Extracted material
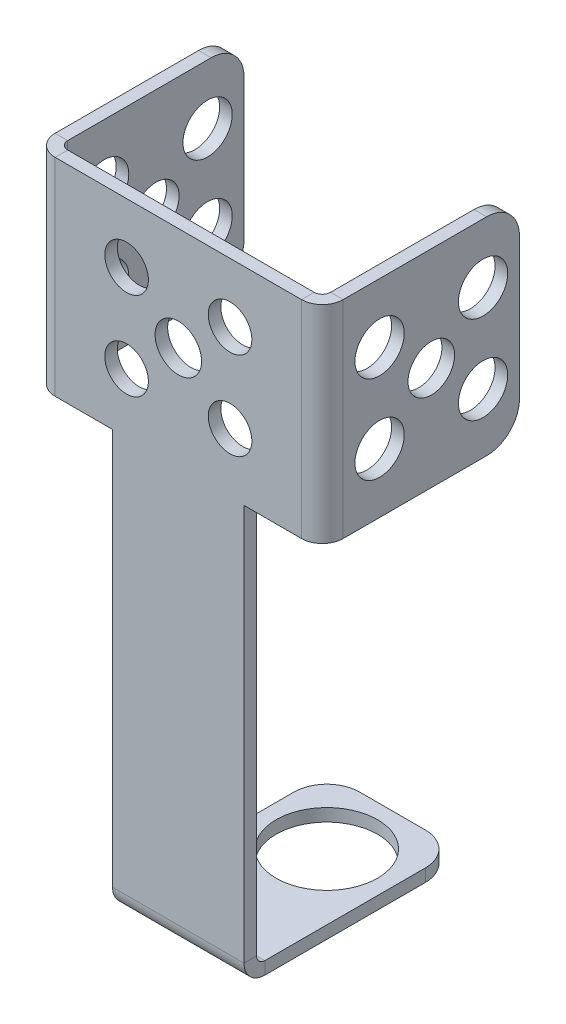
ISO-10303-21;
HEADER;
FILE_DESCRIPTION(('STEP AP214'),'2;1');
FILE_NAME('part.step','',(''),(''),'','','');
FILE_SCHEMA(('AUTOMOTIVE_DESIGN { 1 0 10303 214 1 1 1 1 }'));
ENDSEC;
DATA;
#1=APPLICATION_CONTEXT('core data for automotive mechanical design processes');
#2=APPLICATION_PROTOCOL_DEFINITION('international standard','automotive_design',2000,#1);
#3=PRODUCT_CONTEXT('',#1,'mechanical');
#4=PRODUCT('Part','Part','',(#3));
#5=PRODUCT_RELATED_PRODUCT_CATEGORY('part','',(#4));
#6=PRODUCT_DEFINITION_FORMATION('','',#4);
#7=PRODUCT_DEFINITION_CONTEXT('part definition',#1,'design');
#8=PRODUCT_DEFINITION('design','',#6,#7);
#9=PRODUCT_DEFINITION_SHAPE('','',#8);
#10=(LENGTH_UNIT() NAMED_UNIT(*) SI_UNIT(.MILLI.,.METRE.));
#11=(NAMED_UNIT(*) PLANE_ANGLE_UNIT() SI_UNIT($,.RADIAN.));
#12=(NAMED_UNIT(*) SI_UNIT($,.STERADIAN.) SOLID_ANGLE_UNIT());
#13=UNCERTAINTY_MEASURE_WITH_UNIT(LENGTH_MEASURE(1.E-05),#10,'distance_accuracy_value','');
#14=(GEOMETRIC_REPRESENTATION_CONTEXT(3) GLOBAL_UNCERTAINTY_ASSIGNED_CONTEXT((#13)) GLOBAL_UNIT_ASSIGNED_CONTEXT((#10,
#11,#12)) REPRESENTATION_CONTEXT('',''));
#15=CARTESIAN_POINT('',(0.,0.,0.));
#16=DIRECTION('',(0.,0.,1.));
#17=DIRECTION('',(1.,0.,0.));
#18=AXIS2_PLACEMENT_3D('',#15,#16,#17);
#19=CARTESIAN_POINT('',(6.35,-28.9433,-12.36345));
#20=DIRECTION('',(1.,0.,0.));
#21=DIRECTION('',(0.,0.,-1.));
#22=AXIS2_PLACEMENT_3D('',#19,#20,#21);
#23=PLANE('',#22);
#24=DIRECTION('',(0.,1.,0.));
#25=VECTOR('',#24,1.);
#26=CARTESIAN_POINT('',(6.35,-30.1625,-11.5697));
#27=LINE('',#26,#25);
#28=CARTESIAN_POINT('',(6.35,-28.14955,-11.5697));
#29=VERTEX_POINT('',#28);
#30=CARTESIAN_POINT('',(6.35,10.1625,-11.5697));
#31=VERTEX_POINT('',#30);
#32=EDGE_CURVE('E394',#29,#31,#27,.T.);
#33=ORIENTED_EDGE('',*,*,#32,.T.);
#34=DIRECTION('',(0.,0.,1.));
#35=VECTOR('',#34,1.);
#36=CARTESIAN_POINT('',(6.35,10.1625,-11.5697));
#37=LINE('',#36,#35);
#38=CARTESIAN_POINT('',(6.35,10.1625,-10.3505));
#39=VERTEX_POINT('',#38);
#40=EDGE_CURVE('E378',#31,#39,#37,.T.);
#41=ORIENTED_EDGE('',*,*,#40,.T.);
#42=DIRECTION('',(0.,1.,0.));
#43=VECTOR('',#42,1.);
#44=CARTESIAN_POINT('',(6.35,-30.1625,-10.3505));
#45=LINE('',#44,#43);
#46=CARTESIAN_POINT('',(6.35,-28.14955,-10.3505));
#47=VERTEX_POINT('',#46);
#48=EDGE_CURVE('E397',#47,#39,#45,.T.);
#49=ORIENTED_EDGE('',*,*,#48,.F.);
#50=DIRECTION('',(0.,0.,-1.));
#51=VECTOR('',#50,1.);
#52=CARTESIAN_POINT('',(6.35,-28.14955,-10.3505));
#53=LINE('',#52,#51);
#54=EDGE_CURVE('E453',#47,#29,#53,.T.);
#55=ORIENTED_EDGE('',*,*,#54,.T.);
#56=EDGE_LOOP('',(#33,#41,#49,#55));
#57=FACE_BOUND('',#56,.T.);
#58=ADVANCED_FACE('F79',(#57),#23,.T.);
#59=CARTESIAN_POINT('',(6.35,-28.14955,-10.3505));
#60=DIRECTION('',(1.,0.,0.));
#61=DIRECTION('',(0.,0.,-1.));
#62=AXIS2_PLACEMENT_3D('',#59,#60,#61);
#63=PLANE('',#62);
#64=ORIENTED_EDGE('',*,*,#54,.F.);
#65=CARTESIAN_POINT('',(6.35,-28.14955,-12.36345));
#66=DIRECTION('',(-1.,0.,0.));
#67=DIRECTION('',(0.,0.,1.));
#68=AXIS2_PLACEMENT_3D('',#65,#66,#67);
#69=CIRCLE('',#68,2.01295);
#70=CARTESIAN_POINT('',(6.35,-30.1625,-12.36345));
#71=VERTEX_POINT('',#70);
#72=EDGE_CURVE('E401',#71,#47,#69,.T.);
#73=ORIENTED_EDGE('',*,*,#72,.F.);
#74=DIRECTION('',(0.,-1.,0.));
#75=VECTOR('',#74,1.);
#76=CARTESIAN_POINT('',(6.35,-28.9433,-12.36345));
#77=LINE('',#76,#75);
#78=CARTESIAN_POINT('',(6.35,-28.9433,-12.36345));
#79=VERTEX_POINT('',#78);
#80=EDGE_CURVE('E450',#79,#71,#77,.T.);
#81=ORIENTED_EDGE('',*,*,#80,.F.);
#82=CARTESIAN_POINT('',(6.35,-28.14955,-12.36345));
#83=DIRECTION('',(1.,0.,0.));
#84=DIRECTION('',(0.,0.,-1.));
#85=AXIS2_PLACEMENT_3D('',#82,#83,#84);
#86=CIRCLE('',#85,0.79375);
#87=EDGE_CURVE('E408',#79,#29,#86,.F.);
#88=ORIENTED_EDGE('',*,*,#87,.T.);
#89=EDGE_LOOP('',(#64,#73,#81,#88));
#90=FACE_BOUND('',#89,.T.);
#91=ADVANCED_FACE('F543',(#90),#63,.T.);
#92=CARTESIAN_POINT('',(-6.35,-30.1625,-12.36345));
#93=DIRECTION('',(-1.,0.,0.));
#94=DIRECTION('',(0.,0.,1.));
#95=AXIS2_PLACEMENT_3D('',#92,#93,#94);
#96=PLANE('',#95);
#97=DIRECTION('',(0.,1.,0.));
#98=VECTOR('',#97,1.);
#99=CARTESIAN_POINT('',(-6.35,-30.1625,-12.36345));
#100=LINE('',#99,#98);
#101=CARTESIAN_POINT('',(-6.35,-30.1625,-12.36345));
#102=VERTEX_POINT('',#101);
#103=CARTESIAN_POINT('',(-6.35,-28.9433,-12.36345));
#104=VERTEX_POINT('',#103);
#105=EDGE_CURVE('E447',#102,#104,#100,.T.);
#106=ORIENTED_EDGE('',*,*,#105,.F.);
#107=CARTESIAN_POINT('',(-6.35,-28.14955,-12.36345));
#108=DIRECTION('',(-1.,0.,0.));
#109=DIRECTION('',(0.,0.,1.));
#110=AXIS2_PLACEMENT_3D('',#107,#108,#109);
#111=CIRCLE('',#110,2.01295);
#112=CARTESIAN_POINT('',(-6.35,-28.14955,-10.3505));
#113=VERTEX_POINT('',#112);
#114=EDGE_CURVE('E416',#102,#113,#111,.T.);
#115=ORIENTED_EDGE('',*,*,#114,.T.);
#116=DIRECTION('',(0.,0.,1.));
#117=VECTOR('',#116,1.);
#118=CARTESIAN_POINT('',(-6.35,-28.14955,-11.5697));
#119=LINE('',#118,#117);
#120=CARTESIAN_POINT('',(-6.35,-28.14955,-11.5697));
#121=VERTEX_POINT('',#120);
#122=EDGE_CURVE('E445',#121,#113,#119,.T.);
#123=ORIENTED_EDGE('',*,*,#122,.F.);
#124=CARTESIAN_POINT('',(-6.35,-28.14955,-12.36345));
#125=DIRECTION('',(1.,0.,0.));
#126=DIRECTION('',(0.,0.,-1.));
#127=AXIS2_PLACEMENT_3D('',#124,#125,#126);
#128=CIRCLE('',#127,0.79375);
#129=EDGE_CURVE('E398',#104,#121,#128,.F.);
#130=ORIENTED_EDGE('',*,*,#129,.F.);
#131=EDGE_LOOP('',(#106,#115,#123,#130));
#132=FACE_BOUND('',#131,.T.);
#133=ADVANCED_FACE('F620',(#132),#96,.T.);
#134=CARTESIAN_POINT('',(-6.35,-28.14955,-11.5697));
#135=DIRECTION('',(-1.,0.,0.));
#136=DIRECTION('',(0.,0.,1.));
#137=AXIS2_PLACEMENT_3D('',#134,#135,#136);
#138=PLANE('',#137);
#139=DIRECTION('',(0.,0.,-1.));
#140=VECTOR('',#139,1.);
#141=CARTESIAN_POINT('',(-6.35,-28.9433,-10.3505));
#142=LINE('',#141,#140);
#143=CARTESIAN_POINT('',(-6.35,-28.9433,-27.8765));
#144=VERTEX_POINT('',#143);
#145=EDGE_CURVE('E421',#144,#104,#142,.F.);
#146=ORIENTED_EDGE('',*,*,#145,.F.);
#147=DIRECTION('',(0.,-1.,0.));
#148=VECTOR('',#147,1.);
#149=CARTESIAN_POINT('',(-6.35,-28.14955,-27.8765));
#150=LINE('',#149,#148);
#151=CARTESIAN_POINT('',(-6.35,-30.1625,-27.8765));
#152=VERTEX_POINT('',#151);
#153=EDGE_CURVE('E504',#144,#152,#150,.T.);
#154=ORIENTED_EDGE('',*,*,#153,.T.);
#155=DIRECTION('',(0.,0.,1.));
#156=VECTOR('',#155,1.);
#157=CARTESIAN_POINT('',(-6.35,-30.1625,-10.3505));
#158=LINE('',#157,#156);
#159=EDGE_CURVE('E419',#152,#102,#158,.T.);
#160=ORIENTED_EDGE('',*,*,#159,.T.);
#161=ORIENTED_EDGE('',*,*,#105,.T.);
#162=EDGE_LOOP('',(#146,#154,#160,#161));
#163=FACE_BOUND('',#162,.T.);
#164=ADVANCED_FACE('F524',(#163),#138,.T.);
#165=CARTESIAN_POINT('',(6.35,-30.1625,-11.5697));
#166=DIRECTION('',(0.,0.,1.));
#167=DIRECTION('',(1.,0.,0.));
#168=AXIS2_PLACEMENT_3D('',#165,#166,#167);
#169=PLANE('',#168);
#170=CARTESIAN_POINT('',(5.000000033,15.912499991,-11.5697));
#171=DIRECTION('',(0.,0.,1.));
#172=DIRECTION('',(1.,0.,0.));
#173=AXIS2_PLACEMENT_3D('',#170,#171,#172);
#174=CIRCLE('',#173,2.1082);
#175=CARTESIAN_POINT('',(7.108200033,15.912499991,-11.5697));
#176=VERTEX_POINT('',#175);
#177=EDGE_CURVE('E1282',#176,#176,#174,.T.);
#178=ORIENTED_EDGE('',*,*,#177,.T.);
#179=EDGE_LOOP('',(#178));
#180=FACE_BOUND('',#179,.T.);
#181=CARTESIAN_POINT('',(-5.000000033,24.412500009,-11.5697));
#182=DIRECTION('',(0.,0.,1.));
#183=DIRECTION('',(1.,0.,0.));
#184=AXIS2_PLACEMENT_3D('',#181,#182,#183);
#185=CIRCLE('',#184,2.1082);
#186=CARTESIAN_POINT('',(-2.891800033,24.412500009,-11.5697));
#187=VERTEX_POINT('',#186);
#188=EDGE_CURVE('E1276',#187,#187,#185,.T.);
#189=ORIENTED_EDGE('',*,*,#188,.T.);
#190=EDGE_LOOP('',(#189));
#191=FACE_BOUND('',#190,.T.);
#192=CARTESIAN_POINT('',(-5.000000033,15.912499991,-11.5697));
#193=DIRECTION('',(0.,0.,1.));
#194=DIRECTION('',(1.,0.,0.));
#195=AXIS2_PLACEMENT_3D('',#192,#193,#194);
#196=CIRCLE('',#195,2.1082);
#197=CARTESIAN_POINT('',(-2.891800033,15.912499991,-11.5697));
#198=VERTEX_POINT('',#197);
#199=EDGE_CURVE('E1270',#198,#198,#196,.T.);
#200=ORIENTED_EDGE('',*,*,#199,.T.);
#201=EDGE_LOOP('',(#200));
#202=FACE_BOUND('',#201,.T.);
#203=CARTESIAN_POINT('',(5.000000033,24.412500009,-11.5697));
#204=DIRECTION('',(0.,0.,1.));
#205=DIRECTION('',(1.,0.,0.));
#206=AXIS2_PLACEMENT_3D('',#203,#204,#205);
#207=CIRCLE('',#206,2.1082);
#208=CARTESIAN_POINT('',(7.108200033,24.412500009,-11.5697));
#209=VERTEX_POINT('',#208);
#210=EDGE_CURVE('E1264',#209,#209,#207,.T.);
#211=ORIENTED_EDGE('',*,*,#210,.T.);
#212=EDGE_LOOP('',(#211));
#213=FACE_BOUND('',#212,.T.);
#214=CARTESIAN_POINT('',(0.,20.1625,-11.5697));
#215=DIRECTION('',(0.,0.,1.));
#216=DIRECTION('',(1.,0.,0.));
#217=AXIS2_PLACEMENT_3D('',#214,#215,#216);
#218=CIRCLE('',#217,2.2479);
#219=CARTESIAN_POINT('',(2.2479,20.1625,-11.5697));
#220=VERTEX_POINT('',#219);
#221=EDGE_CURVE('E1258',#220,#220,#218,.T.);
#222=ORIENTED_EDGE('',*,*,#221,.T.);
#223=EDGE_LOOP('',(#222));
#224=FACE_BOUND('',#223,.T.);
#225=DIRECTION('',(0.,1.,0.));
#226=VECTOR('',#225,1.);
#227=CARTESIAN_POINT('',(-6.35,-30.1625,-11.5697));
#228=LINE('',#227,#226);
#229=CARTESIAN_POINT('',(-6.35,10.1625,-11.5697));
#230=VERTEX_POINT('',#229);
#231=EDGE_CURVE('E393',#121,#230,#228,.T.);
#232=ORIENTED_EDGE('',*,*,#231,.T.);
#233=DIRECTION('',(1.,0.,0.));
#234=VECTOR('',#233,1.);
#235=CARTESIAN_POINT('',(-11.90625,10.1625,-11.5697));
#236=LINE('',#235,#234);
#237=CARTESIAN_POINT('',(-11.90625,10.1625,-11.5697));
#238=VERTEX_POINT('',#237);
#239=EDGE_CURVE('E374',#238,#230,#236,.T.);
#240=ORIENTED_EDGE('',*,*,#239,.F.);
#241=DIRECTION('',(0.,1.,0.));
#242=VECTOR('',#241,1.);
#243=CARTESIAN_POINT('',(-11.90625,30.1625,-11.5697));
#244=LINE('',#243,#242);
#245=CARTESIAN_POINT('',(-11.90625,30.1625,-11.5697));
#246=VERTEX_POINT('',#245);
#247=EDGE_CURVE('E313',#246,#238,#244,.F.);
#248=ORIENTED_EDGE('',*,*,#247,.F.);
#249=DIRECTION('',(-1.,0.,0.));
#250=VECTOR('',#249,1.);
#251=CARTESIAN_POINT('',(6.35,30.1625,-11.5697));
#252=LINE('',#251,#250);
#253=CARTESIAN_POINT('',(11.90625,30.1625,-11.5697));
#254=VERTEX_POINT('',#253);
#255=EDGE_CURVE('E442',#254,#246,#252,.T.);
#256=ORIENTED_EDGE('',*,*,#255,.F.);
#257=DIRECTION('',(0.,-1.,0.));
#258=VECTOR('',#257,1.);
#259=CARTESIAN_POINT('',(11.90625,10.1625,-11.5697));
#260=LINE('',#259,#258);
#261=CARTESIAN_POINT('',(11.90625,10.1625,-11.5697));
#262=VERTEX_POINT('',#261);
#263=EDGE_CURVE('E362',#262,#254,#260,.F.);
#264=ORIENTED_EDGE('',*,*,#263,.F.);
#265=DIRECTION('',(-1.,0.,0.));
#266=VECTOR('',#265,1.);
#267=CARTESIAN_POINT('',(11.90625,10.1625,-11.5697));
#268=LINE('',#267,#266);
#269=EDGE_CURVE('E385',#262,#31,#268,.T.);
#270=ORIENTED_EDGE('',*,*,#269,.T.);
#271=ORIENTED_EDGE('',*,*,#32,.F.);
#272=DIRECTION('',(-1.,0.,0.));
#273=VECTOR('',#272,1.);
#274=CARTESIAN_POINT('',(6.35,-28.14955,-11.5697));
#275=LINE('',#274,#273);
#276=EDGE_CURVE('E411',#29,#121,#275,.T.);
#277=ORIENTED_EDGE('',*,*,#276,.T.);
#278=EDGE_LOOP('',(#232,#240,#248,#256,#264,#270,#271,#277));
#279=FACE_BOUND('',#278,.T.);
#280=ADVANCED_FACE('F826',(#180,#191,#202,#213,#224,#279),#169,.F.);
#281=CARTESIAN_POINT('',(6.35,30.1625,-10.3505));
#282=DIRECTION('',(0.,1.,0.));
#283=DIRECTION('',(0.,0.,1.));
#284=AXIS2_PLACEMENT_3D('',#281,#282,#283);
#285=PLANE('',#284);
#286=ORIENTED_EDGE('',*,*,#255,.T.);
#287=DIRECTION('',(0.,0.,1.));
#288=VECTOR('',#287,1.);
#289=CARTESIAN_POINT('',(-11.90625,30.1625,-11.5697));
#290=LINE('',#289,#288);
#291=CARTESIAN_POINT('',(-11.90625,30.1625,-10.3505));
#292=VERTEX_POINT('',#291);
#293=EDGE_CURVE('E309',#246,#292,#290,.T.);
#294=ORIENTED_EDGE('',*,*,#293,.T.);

What to do
Give again exactly, and only, the lines above starting at the one with "#183=DIRECTION('',(1.,0.,0.));" and ending at the one with "#188=EDGE_CURVE('E1276',#187,#187,#185,.T.);".

Task result
#183=DIRECTION('',(1.,0.,0.));
#184=AXIS2_PLACEMENT_3D('',#181,#182,#183);
#185=CIRCLE('',#184,2.1082);
#186=CARTESIAN_POINT('',(-2.891800033,24.412500009,-11.5697));
#187=VERTEX_POINT('',#186);
#188=EDGE_CURVE('E1276',#187,#187,#185,.T.);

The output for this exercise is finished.